# Mandatory Pre-Divorce Parenting Class....what is this ???



## rome2012 (Sep 10, 2010)

We have the Pre-Divorce parenting class on the 15th....

Can you give me an idea what it's going to be like ???

Will there be other couples ???

Will there be things discussed like how hard it is on the children ????

Give me some insight please .....

Thanks !!!!


----------



## manny1 (Nov 9, 2010)

I went to that class a couple of months ago. There were couples and men and wom en there by them selves. I went by myself could not imagine sitting in the same room as my spouse. There were discussions about normal reactions to divorce with children of different ages. I never felt like anyone was being judged for the decision of divorce. We were given information about how not to act or say to our kids and why. No one was asked to introduce themselves and many people never said anything. It was helpful when people did discuss their particular issues and everyone would offer advice as well as the instructor.
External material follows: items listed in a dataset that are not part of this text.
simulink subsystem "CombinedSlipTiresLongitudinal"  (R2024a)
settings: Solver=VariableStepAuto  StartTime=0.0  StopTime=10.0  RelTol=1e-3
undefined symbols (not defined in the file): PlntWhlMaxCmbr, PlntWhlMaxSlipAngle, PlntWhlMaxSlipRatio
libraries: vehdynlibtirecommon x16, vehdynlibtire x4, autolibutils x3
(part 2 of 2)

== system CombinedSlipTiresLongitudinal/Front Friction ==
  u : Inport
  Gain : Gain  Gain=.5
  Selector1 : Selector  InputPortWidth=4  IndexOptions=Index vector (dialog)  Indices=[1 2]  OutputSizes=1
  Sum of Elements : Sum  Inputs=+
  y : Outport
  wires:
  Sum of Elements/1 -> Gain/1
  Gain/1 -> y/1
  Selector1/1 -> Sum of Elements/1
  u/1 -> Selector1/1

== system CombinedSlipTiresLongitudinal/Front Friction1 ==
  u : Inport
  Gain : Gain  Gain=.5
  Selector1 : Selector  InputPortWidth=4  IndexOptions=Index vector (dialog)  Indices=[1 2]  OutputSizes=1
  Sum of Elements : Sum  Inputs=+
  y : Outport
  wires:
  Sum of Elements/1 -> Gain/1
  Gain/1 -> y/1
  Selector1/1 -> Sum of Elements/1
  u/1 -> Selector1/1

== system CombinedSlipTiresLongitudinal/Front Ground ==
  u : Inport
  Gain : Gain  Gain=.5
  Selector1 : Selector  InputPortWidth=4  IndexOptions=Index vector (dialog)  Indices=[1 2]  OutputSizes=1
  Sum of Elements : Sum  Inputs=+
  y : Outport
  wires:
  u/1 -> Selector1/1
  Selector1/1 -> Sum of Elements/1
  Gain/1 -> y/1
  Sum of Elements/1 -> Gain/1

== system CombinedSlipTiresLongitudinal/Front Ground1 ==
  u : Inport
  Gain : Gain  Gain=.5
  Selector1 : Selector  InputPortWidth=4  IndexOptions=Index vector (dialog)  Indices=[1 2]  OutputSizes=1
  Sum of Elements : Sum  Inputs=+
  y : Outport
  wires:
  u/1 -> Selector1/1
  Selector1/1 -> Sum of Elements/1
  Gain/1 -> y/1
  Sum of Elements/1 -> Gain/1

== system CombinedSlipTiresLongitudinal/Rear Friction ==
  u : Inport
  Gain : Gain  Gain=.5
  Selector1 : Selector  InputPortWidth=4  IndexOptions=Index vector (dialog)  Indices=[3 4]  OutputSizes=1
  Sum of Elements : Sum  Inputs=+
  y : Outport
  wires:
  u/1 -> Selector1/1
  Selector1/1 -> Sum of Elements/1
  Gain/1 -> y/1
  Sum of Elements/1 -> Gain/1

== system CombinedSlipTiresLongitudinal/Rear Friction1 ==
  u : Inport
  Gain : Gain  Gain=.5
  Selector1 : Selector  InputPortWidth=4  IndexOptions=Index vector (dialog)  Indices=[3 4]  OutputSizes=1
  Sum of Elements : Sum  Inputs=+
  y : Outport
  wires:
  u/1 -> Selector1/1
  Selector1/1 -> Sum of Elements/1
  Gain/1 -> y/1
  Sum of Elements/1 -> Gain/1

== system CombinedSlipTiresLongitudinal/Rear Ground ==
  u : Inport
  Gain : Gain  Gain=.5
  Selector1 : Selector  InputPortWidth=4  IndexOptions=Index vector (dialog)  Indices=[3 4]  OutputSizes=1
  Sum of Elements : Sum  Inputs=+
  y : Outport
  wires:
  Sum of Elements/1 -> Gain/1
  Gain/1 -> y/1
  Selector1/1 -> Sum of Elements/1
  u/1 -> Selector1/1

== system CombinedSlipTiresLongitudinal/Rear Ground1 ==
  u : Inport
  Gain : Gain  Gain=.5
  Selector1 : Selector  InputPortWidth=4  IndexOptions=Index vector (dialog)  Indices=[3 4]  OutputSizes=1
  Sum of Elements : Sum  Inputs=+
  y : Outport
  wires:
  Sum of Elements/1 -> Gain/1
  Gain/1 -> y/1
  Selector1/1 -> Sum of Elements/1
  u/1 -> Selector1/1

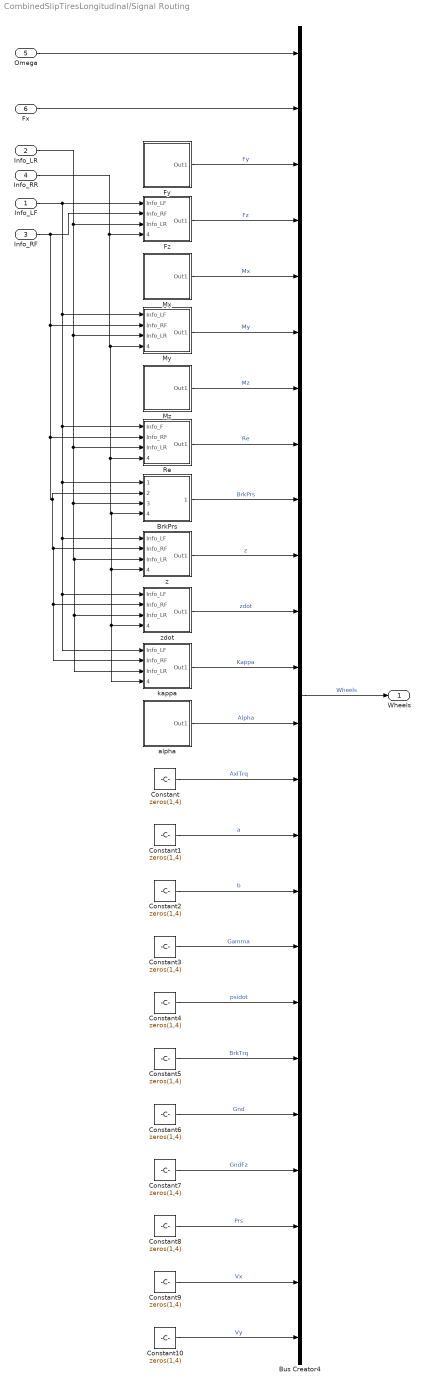
== system CombinedSlipTiresLongitudinal/Signal Routing ==
  Info_LF : Inport
  Info_LR : Inport  Port=2
  Info_RF : Inport  Port=3
  Info_RR : Inport  Port=4
  Omega : Inport  Port=5
  Fx : Inport  Port=6
  BrkPrs : Subsystem
  Bus Creator4 : BusCreator  Inputs=24
  Constant{,1..10} (11 alike) : Constant  Value=zeros(1,4)  SampleTime=-1
  Fy : Subsystem
  Fz : Subsystem
  Mx : Subsystem
  My : Subsystem
  Mz : Subsystem
  Re : Subsystem
  alpha : Subsystem
  kappa : Subsystem
  z : Subsystem
  zdot : Subsystem
  Wheels : Outport
  wires:
  Info_RR/1 -> Fz/4(Info_RR), My/4(Info_RR), BrkPrs/4(Info_RR), z/4(Info_RR), zdot/4(Info_RR), kappa/4(Info_RR), Re/4(Info_RR)
  Info_RF/1 -> Fz/2(Info_RF), My/2(Info_RF), Re/2(Info_RF), BrkPrs/2(Info_RF), z/2(Info_RF), zdot/2(Info_RF), kappa/2(Info_RF)
  Re/1(Out1) -> Bus Creator4/8  "Re"
  Fz/1(Out1) -> Bus Creator4/4  "Fz"
  Info_LF/1 -> BrkPrs/1(Info_LF), zdot/1(Info_LF), kappa/1(Info_LF), z/1(Info_LF), Re/1(Info_F), My/1(Info_LF), Fz/1(Info_LF)
  Info_LR/1 -> BrkPrs/3(Info_LR), kappa/3(Info_LR), zdot/3(Info_LR), z/3(Info_LR), Re/3(Info_LR), My/3(Info_LR), Fz/3(Info_LR)
  Fx/1 -> Bus Creator4/2
  Mx/1(Out1) -> Bus Creator4/5  "Mx"
  zdot/1(Out1) -> Bus Creator4/11  "zdot"
  kappa/1(Out1) -> Bus Creator4/12  "Kappa"
  Mz/1(Out1) -> Bus Creator4/7  "Mz"
  Omega/1 -> Bus Creator4/1
  z/1(Out1) -> Bus Creator4/10  "z"
  Fy/1(Out1) -> Bus Creator4/3  "Fy"
  My/1(Out1) -> Bus Creator4/6  "My"
  alpha/1(Out1) -> Bus Creator4/13  "Alpha"
  Bus Creator4/1 -> Wheels/1  "Wheels"
  BrkPrs/1(BrkPrs) -> Bus Creator4/9  "BrkPrs"
  Constant/1 -> Bus Creator4/14  "AxlTrq"
  Constant1/1 -> Bus Creator4/15  "a"
  Constant2/1 -> Bus Creator4/16  "b"
  Constant3/1 -> Bus Creator4/17  "Gamma"
  Constant4/1 -> Bus Creator4/18  "psidot"
  Constant5/1 -> Bus Creator4/19  "BrkTrq"
  Constant6/1 -> Bus Creator4/20  "Gnd"
  Constant7/1 -> Bus Creator4/21  "GndFz"
  Constant8/1 -> Bus Creator4/22  "Prs"
  Constant9/1 -> Bus Creator4/23  "Vx"
  Constant10/1 -> Bus Creator4/24  "Vy"

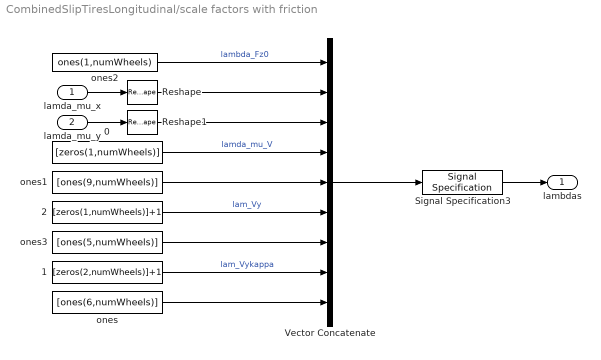
== system CombinedSlipTiresLongitudinal/scale factors with friction ==
  lamda_mu_x : Inport
  lamda_mu_y : Inport  Port=2
  0 : Constant  Value=[zeros(1,numWheels)]  VectorParams1D=off
  1 : Constant  Value=[zeros(2,numWheels)]+1  VectorParams1D=off
  2 : Constant  Value=[zeros(1,numWheels)]+1  VectorParams1D=off
  Reshape : Reshape  OutputDimensionality=Row vector (2-D)  OutputDimensions=[1,numWheels]
  Reshape1 : Reshape  OutputDimensionality=Row vector (2-D)  OutputDimensions=[1,numWheels]
  Signal Specification3 : SignalSpecification  Unit=1
  Vector Concatenate : Concatenate  NumInputs=9  Mode=Multidimensional array
  ones : Constant  Value=[ones(6,numWheels)]  VectorParams1D=off
  ones1 : Constant  Value=[ones(9,numWheels)]  VectorParams1D=off
  ones2 : Constant  Value=ones(1,numWheels)  VectorParams1D=off
  ones3 : Constant  Value=[ones(5,numWheels)]  VectorParams1D=off
  lambdas : Outport  Unit=1  VectorParamsAs1DForOutWhenUnconnected=off
  wires:
  ones3/1 -> Vector Concatenate/7
  2/1 -> Vector Concatenate/6  "lam_Vy"
  ones1/1 -> Vector Concatenate/5
  1/1 -> Vector Concatenate/8  "lam_Vykappa"
  Signal Specification3/1 -> lambdas/1
  Reshape/1 -> Vector Concatenate/2
  Reshape1/1 -> Vector Concatenate/3
  0/1 -> Vector Concatenate/4  "lamda_mu_V"
  ones/1 -> Vector Concatenate/9
  Vector Concatenate/1 -> Signal Specification3/1
  ones2/1 -> Vector Concatenate/1  "lambda_Fz0"
  lamda_mu_x/1 -> Reshape/1
  lamda_mu_y/1 -> Reshape1/1

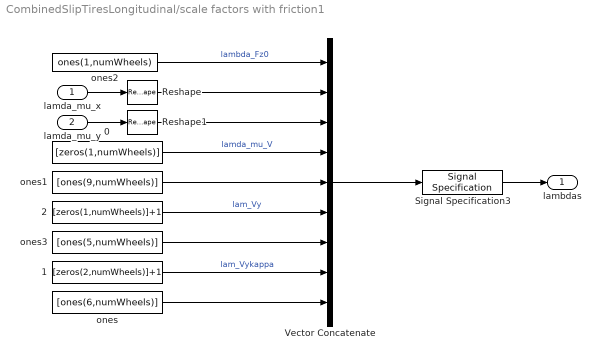
== system CombinedSlipTiresLongitudinal/scale factors with friction1 ==
  lamda_mu_x : Inport
  lamda_mu_y : Inport  Port=2
  0 : Constant  Value=[zeros(1,numWheels)]  VectorParams1D=off
  1 : Constant  Value=[zeros(2,numWheels)]+1  VectorParams1D=off
  2 : Constant  Value=[zeros(1,numWheels)]+1  VectorParams1D=off
  Reshape : Reshape  OutputDimensionality=Row vector (2-D)  OutputDimensions=[1,numWheels]
  Reshape1 : Reshape  OutputDimensionality=Row vector (2-D)  OutputDimensions=[1,numWheels]
  Signal Specification3 : SignalSpecification  Unit=1
  Vector Concatenate : Concatenate  NumInputs=9  Mode=Multidimensional array
  ones : Constant  Value=[ones(6,numWheels)]  VectorParams1D=off
  ones1 : Constant  Value=[ones(9,numWheels)]  VectorParams1D=off
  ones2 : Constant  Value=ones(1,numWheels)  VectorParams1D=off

It was fine really and really not very stressful
everyone there was going thru the same things. Look at it as an educational opportunity to better raise your kids. Good Luck


----------



## notreadytoquit (Jan 11, 2010)

same as the previous poster. It is a class that many people should take BEFORE they get married and have kids. You can go together or with your stbx. My stbx went with the OW(he did not tell me but I put 2+2 together) who was divorcing her hubby n.2


----------



## rome2012 (Sep 10, 2010)

Thanks....he said we're going on Monday, but today he said it's full so we're going next Thursday....

I'm really hoping they're going to address how hard it can be for the kids and he'll start thinking hard if it's worth it.....


----------